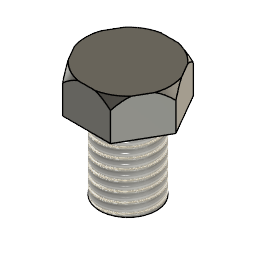
Set Screw (Autodesk Fusion 360 design; units mm, degrees)
Autodesk Fusion 360 part; units mm, degrees
sketch "Sketch1" plane through (0, 0, 0) normal (0, 0, 1) x (1, 0, 0)
  circle A0 centre (0, 0) radius 4.7625
  dimension "d1" = 9.525
  constraint coincident A0.centre origin
  measures "d1" diameter of A0
extrude "Extrude1" add sketch "Sketch1" along normal blind 12.7
thread "Thread1" "ANSI Unified Screw Threads 0.375 3/8-16 UNC 3/8-16 UNC 3A" major diameter 9.4056 minor diameter 7.6327 pitch 1.5875 angle 60 resizes the face on face at (4.7388, -0.4742, 8.4667)
sketch "Sketch2" plane through (0, 0, 12.7) normal (0, 0, 1) x (-1, 0, 0)
  circle A0 centre (0, 0) radius 4.7028
  circle A1 centre (0, 0) radius 7.9375
  line L0 (-7.9375, 0) -> (-3.9688, -6.8741)
  line L1 (-3.9688, -6.8741) -> (3.9687, -6.8741)
  line L2 (3.9687, -6.8741) -> (7.9375, 0)
  line L3 (7.9375, 0) -> (3.9688, 6.8741)
  line L4 (3.9688, 6.8741) -> (-3.9687, 6.8741)
  line L5 (-3.9687, 6.8741) -> (-7.9375, 0)
  dimension "d6" = 15.875
  constraint coincident A0.centre A1.centre
  constraint coincident A1 L0.start
  measures "d6" diameter of A1
extrude "Extrude2" add sketch "Sketch2" along normal blind 6.35 contours A0 | L0 L1 L2 L3 L4 L5
sketch "Sketch5" plane through (0, 0, 0) normal (0, 1, 0) x (1, 0, 0)
  line L0 (-7.021, -19.05) -> (-7.9375, -17.4625)
  line L1 (-7.9375, -12.7) -> (-7.9375, -19.05)
  line L2 (-7.9375, -19.05) -> (-3.9688, -19.05)
  dimension "d13" = 1.5875
  dimension "d14" = 150
  constraint coincident L0.end L1
  constraint coincident L0.start L2
  measures "d13" distance of L0.end L1.end
  measures "d14" angle of L0 L1
revolve "Revolve1" cut sketch "Sketch5" angle 360 about axis through (0, 0, 0) along (0, 0, -1)
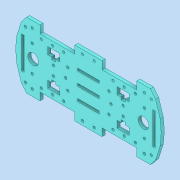
# Autodesk Inventor part: 底盘设计2.0
Saved by Autodesk Inventor 2019 (Build 230136000, 136)
## iProperties
Created: 2020-10-19
Part Number: 底盘设计2.0
Material: 乙缩醛树脂，白色
Document SubType Name: Modeling
Designer: Wang Hua
Density: 1.425 g/cm^3
Appearance: 平滑 - 白色
Author: Wang Hua
Autodesk Inventor part; units mm, degrees
ref_plane "YZ Plane" through (0, 0, 0) normal (1, 0, 0) x (0, 1, 0)
ref_plane "XZ Plane" through (0, 0, 0) normal (0, 1, 0) x (-1, 0, 0)
ref_plane "XY Plane" through (0, 0, 0) normal (0, 0, 1) x (1, 0, 0)
sketch "草图1" plane through (0, 0, 0) normal (0, 0, 1) x (1, 0, 0)
  line L0 (-80, -42.5) -> (-80, -32.5) construction
  line L1 (80, -42.5) -> (-80, 42.5) construction
  line L2 (-80, -42.5) -> (80, 42.5) construction
  line L3 (-17.5754, 32.5) -> (-62.5754, 32.5)
  line L4 (-62.5754, 32.5) -> (-62.5754, 42.5)
  line L5 (-17.5754, 42.5) -> (-17.5754, 32.5)
  line L6 (0, 0) -> (0, 68.1065) construction
  line L7 (0, 0) -> (-105.3921, 0) construction
  line L8 (17.5754, 32.5) -> (62.5754, 32.5)
  line L9 (62.5754, 32.5) -> (62.5754, 42.5)
  line L10 (17.5754, 42.5) -> (17.5754, 32.5)
  line L11 (-17.5754, -32.5) -> (-62.5754, -32.5)
  line L12 (-62.5754, -32.5) -> (-62.5754, -42.5)
  line L13 (-17.5754, -42.5) -> (-17.5754, -32.5)
  line L14 (62.5754, -32.5) -> (62.5754, -42.5)
  line L15 (17.5754, -32.5) -> (62.5754, -32.5)
  line L16 (17.5754, -42.5) -> (17.5754, -32.5)
  line L17 (-80, 42.5) -> (-62.5754, 42.5)
  line L18 (-17.5754, 42.5) -> (17.5754, 42.5)
  line L19 (62.5754, 42.5) -> (80, 42.5)
  line L20 (80, -42.5) -> (62.5754, -42.5)
  line L21 (17.5754, -42.5) -> (-17.5754, -42.5)
  line L22 (-62.5754, -42.5) -> (-80, -42.5)
  arc A0 (-92.6213, 15.4186) -> (-92.6213, -15.4186) centre (4.8977, 0) ccw
  line L23 (-80, 42.5) -> (-86.7375, 34.0532)
  line L24 (-86.7375, 34.0532) -> (-92.6213, 15.4186)
  line L25 (-80, -42.5) -> (-86.7375, -34.0532)
  line L26 (-86.7375, -34.0532) -> (-92.6213, -15.4186)
  arc A1 (92.6213, -15.4186) -> (92.6213, 15.4186) centre (-4.8977, 0) ccw
  line L27 (80, 42.5) -> (86.7375, 34.0532)
  line L28 (86.7375, 34.0532) -> (92.6213, 15.4186)
  line L29 (80, -42.5) -> (86.7375, -34.0532)
  line L30 (86.7375, -34.0532) -> (92.6213, -15.4186)
  line L31 (80, 42.5) -> (80, 32.5) construction
  circle A2 centre (-71.2877, 0) radius 7
  line L32 (-83.1946, -20.7208) -> (-86.3946, -20.7208)
  line L33 (-86.3946, -20.7208) -> (-86.3946, 20.7208)
  line L34 (-86.3946, 20.7208) -> (-83.1946, 20.7208)
  line L35 (-83.1946, 20.7208) -> (-83.1946, -20.7208)
  line L36 (-83.1946, -20.7208) -> (-86.3946, 20.7208) construction
  line L37 (-86.3946, -20.7208) -> (-83.1946, 20.7208) construction
  line L38 (-35.0754, 53.2522) -> (-35.0754, 15.4186) construction
  line L39 (-52.6567, 14.2921) -> (-52.6567, 23.3874)
  line L40 (-52.6567, 23.3874) -> (-36.8922, 23.3874)
  line L41 (-36.8922, 23.3874) -> (-36.8922, 14.2921)
  line L42 (-27.1931, 14.2921) -> (-42.9577, 23.3874) construction
  line L43 (-42.9577, 14.2921) -> (-27.1931, 23.3874) construction
  line L44 (-42.2559, 11.1975) -> (-47.2929, 11.1975)
  line L45 (-47.2929, 11.1975) -> (-47.2929, 14.2921)
  line L46 (-42.2559, 14.2921) -> (-42.2559, 11.1975)
  line L47 (-32.5569, 11.1975) -> (-37.5939, 17.3867) construction
  line L48 (-37.5939, 11.1975) -> (-32.5569, 17.3867) construction
  line L49 (-36.8922, 14.2921) -> (-42.2559, 14.2921)
  line L50 (-47.2929, 14.2921) -> (-52.6567, 14.2921)
  line L51 (-14.0581, 18.6186) -> (14.0581, 18.6186)
  line L52 (14.0581, 18.6186) -> (14.0581, 15.4186)
  line L53 (14.0581, 15.4186) -> (-14.0581, 15.4186)
  line L54 (-14.0581, 15.4186) -> (-14.0581, 18.6186)
  line L55 (14.0581, -1.6) -> (-14.0581, -1.6)
  line L56 (-14.0581, -1.6) -> (-14.0581, 1.6)
  line L57 (-14.0581, 1.6) -> (14.0581, 1.6)
  line L58 (14.0581, 1.6) -> (14.0581, -1.6)
  line L59 (14.0581, -1.6) -> (-14.0581, 1.6) construction
  line L60 (-14.0581, -1.6) -> (14.0581, 1.6) construction
  line L61 (-52.6567, -14.2921) -> (-52.6567, -23.3874)
  line L62 (-52.6567, -23.3874) -> (-36.8922, -23.3874)
  line L63 (-36.8922, -23.3874) -> (-36.8922, -14.2921)
  line L64 (-42.2559, -11.1975) -> (-47.2929, -11.1975)
  line L65 (-47.2929, -11.1975) -> (-47.2929, -14.2921)
  line L66 (-42.2559, -14.2921) -> (-42.2559, -11.1975)
  line L67 (-36.8922, -14.2921) -> (-42.2559, -14.2921)
  line L68 (-47.2929, -14.2921) -> (-52.6567, -14.2921)
  line L69 (-14.0581, -18.6186) -> (14.0581, -18.6186)
  line L70 (14.0581, -18.6186) -> (14.0581, -15.4186)
  line L71 (14.0581, -15.4186) -> (-14.0581, -15.4186)
  line L72 (-14.0581, -15.4186) -> (-14.0581, -18.6186)
  line L73 (80, -42.5) -> (80, -32.5) construction
  line L74 (52.6567, 14.2921) -> (52.6567, 23.3874)
  line L75 (52.6567, 23.3874) -> (36.8922, 23.3874)
  line L76 (36.8922, 23.3874) -> (36.8922, 14.2921)
  line L77 (42.2559, 11.1975) -> (47.2929, 11.1975)
  line L78 (47.2929, 11.1975) -> (47.2929, 14.2921)
  line L79 (42.2559, 14.2921) -> (42.2559, 11.1975)
  line L80 (36.8922, 14.2921) -> (42.2559, 14.2921)
  line L81 (47.2929, 14.2921) -> (52.6567, 14.2921)
  line L82 (36.8922, -23.3874) -> (36.8922, -14.2921)
  line L83 (52.6567, -23.3874) -> (36.8922, -23.3874)
  line L84 (52.6567, -14.2921) -> (52.6567, -23.3874)
  line L85 (47.2929, -14.2921) -> (52.6567, -14.2921)
  line L86 (47.2929, -11.1975) -> (47.2929, -14.2921)
  line L87 (42.2559, -11.1975) -> (47.2929, -11.1975)
  line L88 (42.2559, -14.2921) -> (42.2559, -11.1975)
  line L89 (36.8922, -14.2921) -> (42.2559, -14.2921)
  circle A3 centre (71.2877, 0) radius 7
  line L90 (83.1946, -20.7208) -> (86.3946, -20.7208)
  line L91 (86.3946, -20.7208) -> (86.3946, 20.7208)
  line L92 (86.3946, 20.7208) -> (83.1946, 20.7208)
  line L93 (83.1946, 20.7208) -> (83.1946, -20.7208)
  line L94 (86.3946, -20.7208) -> (83.1946, 20.7208) construction
  line L95 (0, 0) -> (51.2908, 0) construction
  point P0 (-84.7946, 0)
  point P1 (7.5, 37.2039)
  point P2 (-7.5, 37.2039)
  point P3 (-21.5, 37.1159)
  point P4 (21.5, 37.1159)
  point P5 (-35.0754, 18.8397)
  point P6 (-45.0754, 6.0335)
  point P7 (7.5, -37.2039)
  point P8 (-7.5, -37.2039)
  point P9 (-21.5, -37.1159)
  point P10 (21.5, -37.1159)
  point P11 (-45.0754, -6.0335)
  point P12 (-29.2838, 0)
  point P13 (-26.6075, 13)
  point P14 (-26.6075, -13)
  point P15 (45.0754, 6.0335)
  point P16 (45.0754, -6.0335)
  point P17 (29.2838, 0)
  point P18 (26.6075, 13)
  point P19 (26.6075, -13)
  point P20 (-81.3188, 31.1796)
  point P21 (-81.3188, -31.1796)
  point P22 (81.3188, 31.1796)
  point P23 (81.3188, -31.1796)
  point P24 (60.8153, 27.4236)
  point P25 (46.3153, 27.4236)
  point P26 (31.8153, 27.4236)
  point P27 (60.8153, -27.4236)
  point P28 (46.3153, -27.4236)
  point P29 (31.8153, -27.4236)
  point P30 (-60.8153, 27.4236)
  point P31 (-46.3153, 27.4236)
  point P32 (-31.8153, 27.4236)
  point P33 (-46.3153, -27.4236)
  point P34 (-60.8153, -27.4236)
  point P35 (-31.8153, -27.4236)
  point P36 (72.4718, 34.0532)
  point P37 (72.4718, 17.0686)
  point P38 (72.4718, -34.0532)
  point P39 (72.4718, -17.0686)
  point P40 (-72.4718, 34.0532)
  point P41 (-72.4718, 17.0686)
  point P42 (-72.4718, -17.0686)
  point P43 (-72.4718, -34.0532)
  point P44 (-40.0754, 32.5)
  point P45 (40.0754, 32.5)
  dimension "d0" = 160
  dimension "d1" = 85
  dimension "d2" = 10
  dimension "d3" = 45
  dimension "d4" = 14
  dimension "d5" = 3.2
  dimension "d6" = 7.5
  dimension "d7" = 14
  dimension "d8" = 17.5
  dimension "d9" = 3.2
  dimension "d10" = 3.2
  dimension "d11" = 13
  dimension "d16" = 14.5
  dimension "d17" = 14.5
  constraints: 192 end point, 68 symmetric about line, 21 parallel, 12 horizontal, 10 midpoint, 10 perpendicular, 7 point on line, 4 centre point, 4 point on circle, 2 vertical, 5 other
  measures "d0" distance of L2.end L1.end
  measures "d1" distance of L0.start L1.end
  measures "d2" distance of L12.start L12.end
  measures "d3" distance of L3.start L3.end
  measures "d4" diameter of A2
  measures "d5" distance of L34.end L33.end
  measures "d6" distance from line of point (7.5, 37.204) L6
  measures "d7" horizontal distance of point (21.5, 37.116) point (7.5, 37.204)
  measures "d8" distance between parallel lines of L5 L38
  measures "d9" distance of L53.end L51.start
  measures "d10" distance of L55.end L56.end
  measures "d11" distance from line of L7 point (-26.608, 13)
  measures "d16" distance of point (46.315, 27.424) point (60.815, 27.424)
  measures "d17" distance of point (31.815, 27.424) point (46.315, 27.424)
extrude "拉伸1" add sketch "草图1" along normal blind 4
hole "孔1" at (7.5, 37.2039, 0) at (-7.5, 37.2039, 0) at (-21.5, 37.1159, 0) at (21.5, 37.1159, 0) at (-45.0754, 6.0335, 0) at (21.5, -37.1159, 0) at (7.5, -37.2039, 0) at (-7.5, -37.2039, 0) at (-21.5, -37.1159, 0) at (-45.0754, -6.0335, 0) at (-29.2838, 0, 0) at (-26.6075, 13, 0) at (-26.6075, -13, 0) at (45.0754, 6.0335, 0) at (45.0754, -6.0335, 0) at (29.2838, 0, 0) at (26.6075, 13, 0) at (26.6075, -13, 0) at (-81.3188, 31.1796, 0) at (-81.3188, -31.1796, 0) at (81.3188, 31.1796, 0) at (81.3188, -31.1796, 0) at (60.8153, 27.4236, 0) at (46.3153, 27.4236, 0) at (31.8153, 27.4236, 0) at (46.3153, -27.4236, 0) at (60.8153, -27.4236, 0) at (31.8153, -27.4236, 0) at (-60.8153, 27.4236, 0) at (-46.3153, 27.4236, 0) at (-31.8153, 27.4236, 0) at (-60.8153, -27.4236, 0) at (-46.3153, -27.4236, 0) at (-31.8153, -27.4236, 0) at (72.4718, 34.0532, 0) at (72.4718, 17.0686, 0) at (72.4718, -17.0686, 0) at (72.4718, -34.0532, 0) at (-72.4718, 34.0532, 0) at (-72.4718, 17.0686, 0) at (-72.4718, -17.0686, 0) at (-72.4718, -34.0532, 0) direction (0, 0, 1) diameter 3.2 end through all
=====
■ Task prompt ■
Using the listing, filter for "Autodesk" and return the matching lines.

■ Answer space ■
Set Screw (Autodesk Fusion 360 design; units mm, degrees)
Autodesk Fusion 360 part; units mm, degrees
# Autodesk Inventor part: 底盘设计2.0
Saved by Autodesk Inventor 2019 (Build 230136000, 136)
Autodesk Inventor part; units mm, degrees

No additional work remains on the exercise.